Actin Mechanics and Fragmentation

Abstract

Cell physiological processes require the regulation and coordination of both mechanical and dynamical properties of the actin cytoskeleton. Here we review recent advances in understanding the mechanical properties and stability of actin filaments and how these properties are manifested at larger (network) length scales. We discuss how forces can influence local biochemical interactions, resulting in the formation of mechanically sensitive dynamic steady states. Understanding the regulation of such force-activated chemistries and dynamic steady states reflects an important challenge for future work that will provide valuable insights as to how the actin cytoskeleton engenders mechanoresponsiveness of living cells.
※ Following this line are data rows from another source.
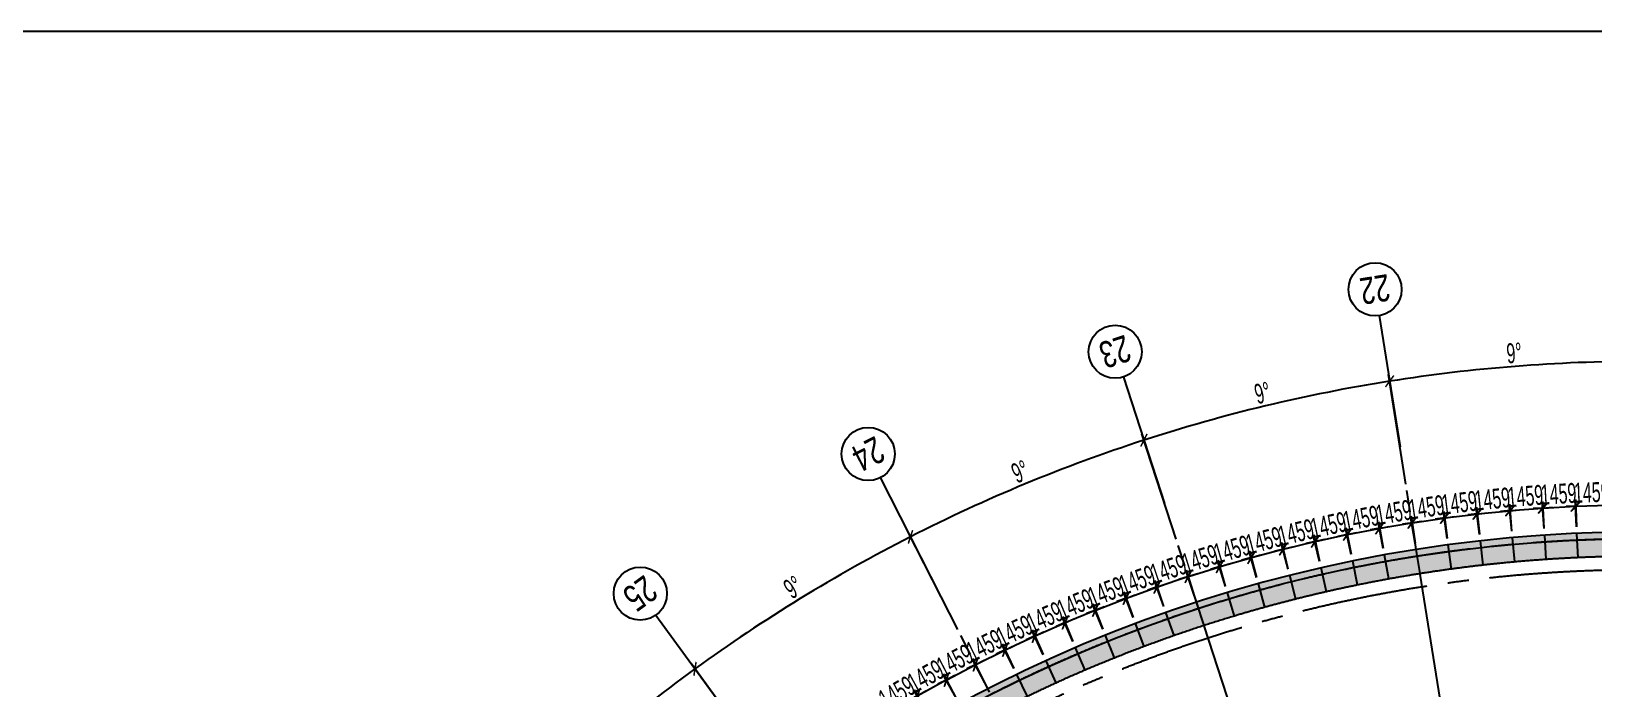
# Model space of a CAD drawing. Extents: x 104132 to 3338343, y -1228862 to 1409848.
# Drawn here: x 1430292 to 1500830, y 154643 to 184338 of the extents above; entities that cross this region are included whole.
import ezdxf
from ezdxf.enums import TextEntityAlignment as Align

# ---------------------------------------------------------------- set-up
doc = ezdxf.new("R2010")
doc.units = 0
for name, pattern in [('CENTER', [50.8, 31.75, -6.35, 6.35, -6.35]), ('CENTER2', [28.575, 19.05, -3.175, 3.175, -3.175]), ('HIDDEN', [9.525, 6.35, -3.175])]:
    doc.linetypes.add(name, pattern=pattern)
doc.layers.get('0').update_dxf_attribs({"color": 8})
doc.layers.get('Defpoints').update_dxf_attribs({"color": 8})
for name, color, linetype in [('#幕墙线-平面', 8, 'Continuous'), ('#标注', 8, 'Continuous'), ('#虚线', 8, 'HIDDEN'), ('#轴线', 8, 'CENTER2'), ('A-FLOR-UNDR', 8, 'Continuous'), ('C-SHET-SHBD', 8, 'Continuous'), ('dim', 8, 'Continuous'), ('DOTE', 8, 'CENTER'), ('IEL-FINE', 8, 'Continuous')]:
    doc.layers.add(name, color=color, linetype=linetype)
doc.styles.add('JHZX', font='jrs.shx', dxfattribs={"width": 0.6, "bigfont": 'jhz.shx'})
doc.styles.add('XD2008', font='xd-hzs.shx', dxfattribs={"width": 0.7, "bigfont": 'xd-hztxt.shx'})
doc.dimstyles.new('JZBZ-300', dxfattribs={"dimscale": 300, "dimtxt": 3, "dimasz": 1.5, "dimexe": 1, "dimexo": 1, "dimgap": 0.5, "dimtad": 1, "dimdec": 0, "dimdsep": 46, "dimtxsty": 'JHZX', "dimblk1": 'ARCHTICK', "dimblk2": 'ARCHTICK', "dimsah": 1, "dimcen": 0, "dimclrd": 1, "dimclre": 1, "dimclrt": 2, "dimadec": 3, "dimazin": 2, "dimtfac": 1, "dimtdec": 0, "dimtix": 1, "dimtmove": 0, "dimatfit": 3, "dimfxl": 1, "dimtolj": 1, "dimlwd": -1, "dimlwe": -1, "dimarcsym": 1})

# ---------------------------------------------------------------- blocks, each defined once
blk = doc.blocks.new('_ARCHTICK')
at = {"color": 0, "linetype": 'ByBlock', "const_width": 0.15}
blk.add_lwpolyline([(-0.5, -0.5), (0.5, 0.5)], dxfattribs=at)
blk = doc.blocks.new('*D25')
at = {"layer": '#标注', "color": 1, "ltscale": 300, "transparency": 16777216}
for p, q in [((571468, -79346), (571468, -74346)), ((560830, -80183), (560048, -75245))]:
    blk.add_line(p, q, dxfattribs=at)
blk.add_arc((571468, -147346), 72700, 90, 99, dxfattribs=at)
at = {"layer": 'Defpoints', "color": 0, "ltscale": 300, "transparency": 16777216}
for p in [(567663, -74746), (571468, -79646), (560877, -80479), (571468, -147346)]:
    blk.add_point(p, dxfattribs=at)
at = {"layer": '#标注', "color": 1, "ltscale": 300, "transparency": 16777216, "xscale": 450, "yscale": 450, "zscale": 450}
blk.add_blockref('_ARCHTICK', (571468, -74646), dxfattribs=at)
at = {"layer": '#标注', "color": 1, "ltscale": 300, "transparency": 16777216, "xscale": 450, "yscale": 450, "zscale": 450, "rotation": 189}
blk.add_blockref('_ARCHTICK', (560095, -75541), dxfattribs=at)
at = {"layer": '#标注', "color": 2, "ltscale": 300, "transparency": 16777216, "insert": (565717, -74272), "char_height": 900, "attachment_point": 5, "rotation": 4.5, "style": 'JHZX'}
blk.add_mtext('\\A1;9°', dxfattribs=at)
blk = doc.blocks.new('*D26')
at = {"layer": '#标注', "color": 1, "ltscale": 300, "transparency": 16777216}
for p, q in [((560830, -80183), (560048, -75245)), ((550455, -82674), (548910, -77919))]:
    blk.add_line(p, q, dxfattribs=at)
blk.add_arc((571468, -147346), 72700, 99, 108, dxfattribs=at)
at = {"layer": 'Defpoints', "color": 0, "ltscale": 300, "transparency": 16777216}
for p in [(556353, -76235), (560877, -80479), (550547, -82959), (571468, -147346)]:
    blk.add_point(p, dxfattribs=at)
at = {"layer": '#标注', "color": 1, "ltscale": 300, "transparency": 16777216, "xscale": 450, "yscale": 450, "zscale": 450}
for p, rotation in [((560095, -75541), 8.999999999999936), ((549002, -78204), 198.0000000000012)]:
    blk.add_blockref('_ARCHTICK', p, dxfattribs=dict(at, rotation=rotation))
at = {"layer": '#标注', "color": 2, "ltscale": 300, "transparency": 16777216, "insert": (554356, -76071), "char_height": 900, "attachment_point": 5, "rotation": 13.5, "style": 'JHZX'}
blk.add_mtext('\\A1;9°', dxfattribs=at)
blk = doc.blocks.new('*D27')
at = {"layer": '#标注', "color": 1, "ltscale": 300, "transparency": 16777216}
for p, q in [((550455, -82674), (548910, -77919)), ((540597, -86757), (538327, -82302))]:
    blk.add_line(p, q, dxfattribs=at)
blk.add_arc((571468, -147346), 72700, 108, 117, dxfattribs=at)
at = {"layer": 'Defpoints', "color": 0, "ltscale": 300, "transparency": 16777216}
for p in [(545415, -79475), (550547, -82959), (540733, -87025), (571468, -147346)]:
    blk.add_point(p, dxfattribs=at)
at = {"layer": '#标注', "color": 1, "ltscale": 300, "transparency": 16777216, "xscale": 450, "yscale": 450, "zscale": 450}
for p, rotation in [((549002, -78204), 18.0000000000014), ((538463, -82570), 207.0000000000022)]:
    blk.add_blockref('_ARCHTICK', p, dxfattribs=dict(at, rotation=rotation))
at = {"layer": '#标注', "color": 2, "ltscale": 300, "transparency": 16777216, "insert": (543417, -79626), "char_height": 900, "attachment_point": 5, "rotation": 22.5, "style": 'JHZX'}
blk.add_mtext('\\A1;9°', dxfattribs=at)
blk = doc.blocks.new('*D28')
at = {"layer": '#标注', "color": 1, "ltscale": 300, "transparency": 16777216}
for p, q in [((540597, -86757), (538327, -82302)), ((531498, -92333), (528560, -88288))]:
    blk.add_line(p, q, dxfattribs=at)
blk.add_arc((571468, -147346), 72700, 117, 126, dxfattribs=at)
at = {"layer": 'Defpoints', "color": 0, "ltscale": 300, "transparency": 16777216}
for p in [(535118, -84386), (540733, -87025), (531675, -92575), (571468, -147346)]:
    blk.add_point(p, dxfattribs=at)
at = {"layer": '#标注', "color": 1, "ltscale": 300, "transparency": 16777216, "xscale": 450, "yscale": 450, "zscale": 450}
for p, rotation in [((538463, -82570), 27.00000000000201), ((528736, -88530), 215.9999999999994)]:
    blk.add_blockref('_ARCHTICK', p, dxfattribs=dict(at, rotation=rotation))
at = {"layer": '#标注', "color": 2, "ltscale": 300, "transparency": 16777216, "insert": (533169, -84847), "char_height": 900, "attachment_point": 5, "rotation": 31.5, "style": 'JHZX'}
blk.add_mtext('\\A1;9°', dxfattribs=at)
blk = doc.blocks.new('*D29')
at = {"layer": '#标注', "color": 1, "ltscale": 300, "transparency": 16777216}
for p, q in [((531498, -92333), (528560, -88288)), ((523385, -99263), (519849, -95727))]:
    blk.add_line(p, q, dxfattribs=at)
blk.add_arc((571468, -147346), 72700, 126, 135, dxfattribs=at)
at = {"layer": 'Defpoints', "color": 0, "ltscale": 300, "transparency": 16777216}
for p in [(525716, -90847), (531675, -92575), (523597, -99475), (571468, -147346)]:
    blk.add_point(p, dxfattribs=at)
at = {"layer": '#标注', "color": 1, "ltscale": 300, "transparency": 16777216, "xscale": 450, "yscale": 450, "zscale": 450}
for p, rotation in [((528736, -88530), 35.99999999999944), ((520061, -95939), 224.9999999999997)]:
    blk.add_blockref('_ARCHTICK', p, dxfattribs=dict(at, rotation=rotation))
at = {"layer": '#标注', "color": 2, "ltscale": 300, "transparency": 16777216, "insert": (523863, -91608), "char_height": 900, "attachment_point": 5, "rotation": 40.5, "style": 'JHZX'}
blk.add_mtext('\\A1;9°', dxfattribs=at)
blk = doc.blocks.new('*U1046')
blk.add_line((0, -20), (0, 0))
blk.add_circle((0, -24), 4)
at = {"style": 'JHZX', "width": 0.75}
blk.add_attdef('AXES', text='', height=4, dxfattribs=at).set_placement((0, -24), align=Align.MIDDLE_CENTER)
blk = doc.blocks.new('JHEG')
at = {"layer": 'IEL-FINE', "ltscale": 300}
h = blk.add_hatch(dxfattribs=at)
h.set_pattern_fill('DOTS', color=256, scale=500)
h.set_pattern_definition([(0, (580162.5, -365125.2), (396.875, 793.75), [0, -793.75])])
edge = h.paths.add_edge_path()
edge.add_arc((645162, -300125), 63900, 342.64631, 381)
edge.add_arc((645162, -300125), 63900, 21, 50.7561)
edge.add_arc((645162, -300125), 63900, 50.7561, 79.71429)
edge.add_arc((645162, -300125), 63900, 79.71429, 120.59457)
edge.add_arc((645162, -300125), 63900, 120.59457, 128.0927)
edge.add_arc((645162, -300125), 63900, 128.0927, 128.52059)
edge.add_arc((607732, -253104), 3800, 128.52059, 304.9823)
edge.add_arc((632729, -288827), 39800, 74.61122, 124.9823, ccw=False)
edge.add_arc((637241, -272436), 22800, -28.01704, 74.61122, ccw=False)
edge.add_arc((672553, -291225), 17200, 151.98296, 245.43155)
edge.add_arc((654882, -329878), 25300, 22.13233, 65.43155, ccw=False)
edge.add_arc((692028, -314770), 14800, 202.13233, 342.64631)
edge = h.paths.add_edge_path()
edge.add_line((585393, -325672), (634762, -304571))
edge.add_line((634762, -304571), (696381, -340146))
edge.add_arc((645162, -300125), 65000, 321.99666, 563.14286)
edge = h.paths.add_edge_path()
edge.add_line((593853, -322056), (634762, -304571))
edge.add_line((634762, -304571), (688322, -335493))
edge.add_arc((645162, -300125), 55800, 320.66617, 328.16248)
edge.add_arc((692028, -314770), 14800, 202.13233, 272.0898, ccw=False)
edge.add_arc((654882, -329878), 25300, 22.13233, 65.43155)
edge.add_arc((672553, -291225), 17200, 151.98296, 245.43155, ccw=False)
edge.add_arc((637241, -272436), 22800, 331.98296, 434.61122)
edge.add_arc((632729, -288827), 39800, 74.61122, 116.60623)
edge.add_arc((645162, -300125), 55800, 122.83727, 203.14286)
at = {"layer": '#幕墙线-平面', "ltscale": 300}
for points in [[(638008, -236627), (637885, -235534)], [(639435, -236482), (639336, -235387)], [(640864, -236370), (640790, -235272)], [(642296, -236290), (642246, -235191)], [(633753, -237252), (633556, -236170)], [(635166, -237012), (634994, -235925)], [(636585, -236803), (636437, -235713)], [(630943, -237827), (630699, -236755)], [(632345, -237524), (632124, -236446)], [(628163, -238528), (627870, -237468)], [(629549, -238162), (629280, -237095)], [(625416, -239353), (625076, -238306)], [(626785, -238925), (626469, -237871)], [(624058, -239811), (623694, -238773)], [(621373, -240819), (620963, -239798)], [(622710, -240300), (622323, -239270)], [(620048, -241367), (619616, -240356)], [(618736, -241946), (618281, -240944)], [(617437, -242553), (616960, -241562)]]:
    blk.add_lwpolyline(points, dxfattribs=at)
at = {"layer": '#虚线', "ltscale": 3000}
blk.add_lwpolyline([(643291, -250454, 0.223394), (609911, -256217, -0.38455), (604858, -255589, -0.426148), (605366, -250131, -0.001867), (605740, -249835, -0.032728), (612640, -245121, -0.015686), (616152, -243190, -0.012545), (619045, -241806, -0.032347), (626785, -238925, -0.022444), (632345, -237524, -0.013572), (635760, -236921, -0.012391), (638903, -236532, -0.007699), (640864, -236370, -0.01122), (643729, -236241, -0.016832)], format="xyb", dxfattribs=at)
at = {"layer": 'A-FLOR-UNDR', "ltscale": 5}
blk.add_arc((645162, -300125), 65000, 322.26362, 203.56739, dxfattribs=at)
blk = doc.blocks.new('*D455')
at = {"layer": '#标注', "color": 1, "ltscale": 300, "transparency": 16777216}
for p, q in [((611207, -243267), (612468, -242533)), ((612933, -243333), (612317, -242274)), ((612468, -242533), (612857, -242307)), ((611207, -243267), (610819, -243494)), ((611673, -244067), (611056, -243008))]:
    blk.add_line(p, q, dxfattribs=at)
at = {"layer": 'Defpoints', "color": 0, "ltscale": 300, "transparency": 16777216}
for p in [(612468, -242533), (613084, -243592), (611824, -244326)]:
    blk.add_point(p, dxfattribs=at)
at = {"layer": '#标注', "color": 1, "ltscale": 300, "transparency": 16777216, "xscale": 450, "yscale": 450, "zscale": 450}
for p, rotation in [((612468, -242533), 210.2142857142823), ((611207, -243267), 30.21428571428233)]:
    blk.add_blockref('_ARCHTICK', p, dxfattribs=dict(at, rotation=rotation))
at = {"layer": '#标注', "color": 2, "ltscale": 300, "transparency": 16777216, "insert": (611536, -242382), "char_height": 900, "attachment_point": 5, "rotation": 30.21429, "style": 'JHZX'}
blk.add_mtext('\\A1;1459', dxfattribs=at)
blk = doc.blocks.new('*D456')
at = {"layer": '#标注', "color": 1, "ltscale": 300, "transparency": 16777216}
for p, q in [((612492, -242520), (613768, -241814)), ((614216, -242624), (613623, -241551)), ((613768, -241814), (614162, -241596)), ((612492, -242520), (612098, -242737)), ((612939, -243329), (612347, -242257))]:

Keywords: actin; biophysics; cell motility; cofilin; cytoskeleton; persistence length; rheology; severing; strain; stress.

FIGURE 1.

Actin filament organization and deformation in Aplysia neuronal growth cones. A, an example of a Filipodium actin filament bundle buckling (region of interest defined by a red box). Filaments are labeled with rhodamine phalloidin. B, high magnification rotary shadowed electron micrograph of a similar region. Images provided by Dr. Paul Forscher (Yale University).

FIGURE 2.

Actin filament structure and mechanics. A, the four actin subdomains are numbered accordingly, and the DNase I binding loop is labeled. Bound ADP is colored green. The two strands are colored violet or orange. B, two images of an Alexa Fluor 488-labeled actin filament undergoing thermally driven bending fluctuations. The filament length is ∼20 μm. C, top and side view of a buckled actin filament demonstrating out-of-plane deformation caused by twist-bend coupling elasticity (Reprinted from Ref. , De La Cruz, E. M., Roland, J., McCullough, B. R., Blanchoin, L., and Martiel, J.-L. (2010) Origin of twist-bend coupling in actin filaments. Biophys. J. 99, 1852–1860, with permission from Elsevier and the Biophysical Society). D, table of actin filament bending (L_B), torsional (L_T), and twist-bend (L_TB) persistence lengths under standard polymerizing conditions (50 mm KCl, 1–2 mm MgCl₂, pH 7.0, and without phalloidin or associated regulatory proteins) for filaments composed of subunits of the indicated nucleotide states. These persistence lengths are composite values representing weighted average of all populated filament conformations, as noted in the text, and the absolute persistence lengths of the various, individual filament structures are likely to vary. Values are from Ref. .

FIGURE 3.

Force extension of actin filaments. Shown is a linear log plot of the force required to achieve a given end-to-end length of an actin filament 1-μm in contour length. (Note that on a linear log plot, linear functions appear as exponentials instead of straight lines). At room temperature (300 K) and zero force, thermal bending fluctuations along the length of the filament reduce the end-to-end distance below the contour length to ∼983 nm (76), although the contour length is less than the persistence length of actin (10 μm). For small positive (or negative) forces, the filament behaves like a linear entropic spring, with an extension (compression) that is directly proportional to the force (dashed red line) (76). For forces larger than ∼0.1 pN, this entropic spring becomes non-linear, diverging as the end-to-end distance approaches the contour length in the case of an inextensible filament (dotted black line), just as for a worm-like chain (76, 81). Actin filaments are not inextensible, however, and the incorporation of a Young's Modulus of 2.3 gigapascals (26) and proper renormalization of the force (76) yields a more complete picture (solid black line), wherein filaments may be extended beyond their contour length. At forces larger than ∼100 pN, the end-to-end distance exceeds the contour length and asymptotically approaches the response of a purely enthalpic linear spring (dashed blue line). Experiments (82) suggest that filaments rupture at forces of ∼400 pN. Under compression, the critical Euler buckling force is ∼0.4 pN (76), allowing for a large range of end-to-end distances under nearly constant force (solid black line). Inset: the same curves plotted on a linear-linear plot. The complete response can barely be distinguished from the nonlinear entropic response over this range of forces. The equations used to generate these plots can be found in supplemental File S1.

FIGURE 4.

Mechanical response of actin networks. A, schematics indicating the bend-dominated deformations that occur in low density and sparsely cross-linked filament networks (top) and stretch-dominated deformations that occur in high density and densely cross-linked actin networks. B, a full state space of the types of network deformations that occur as a function of actin concentration and filament length (presuming that every filament overlap has a rigid cross-linker). C, the shear elastic modulus as a function of applied stress (x axis) for a network that is stretch dominated, which exhibits stress stiffening, and bending dominated, which exhibits stress weakening.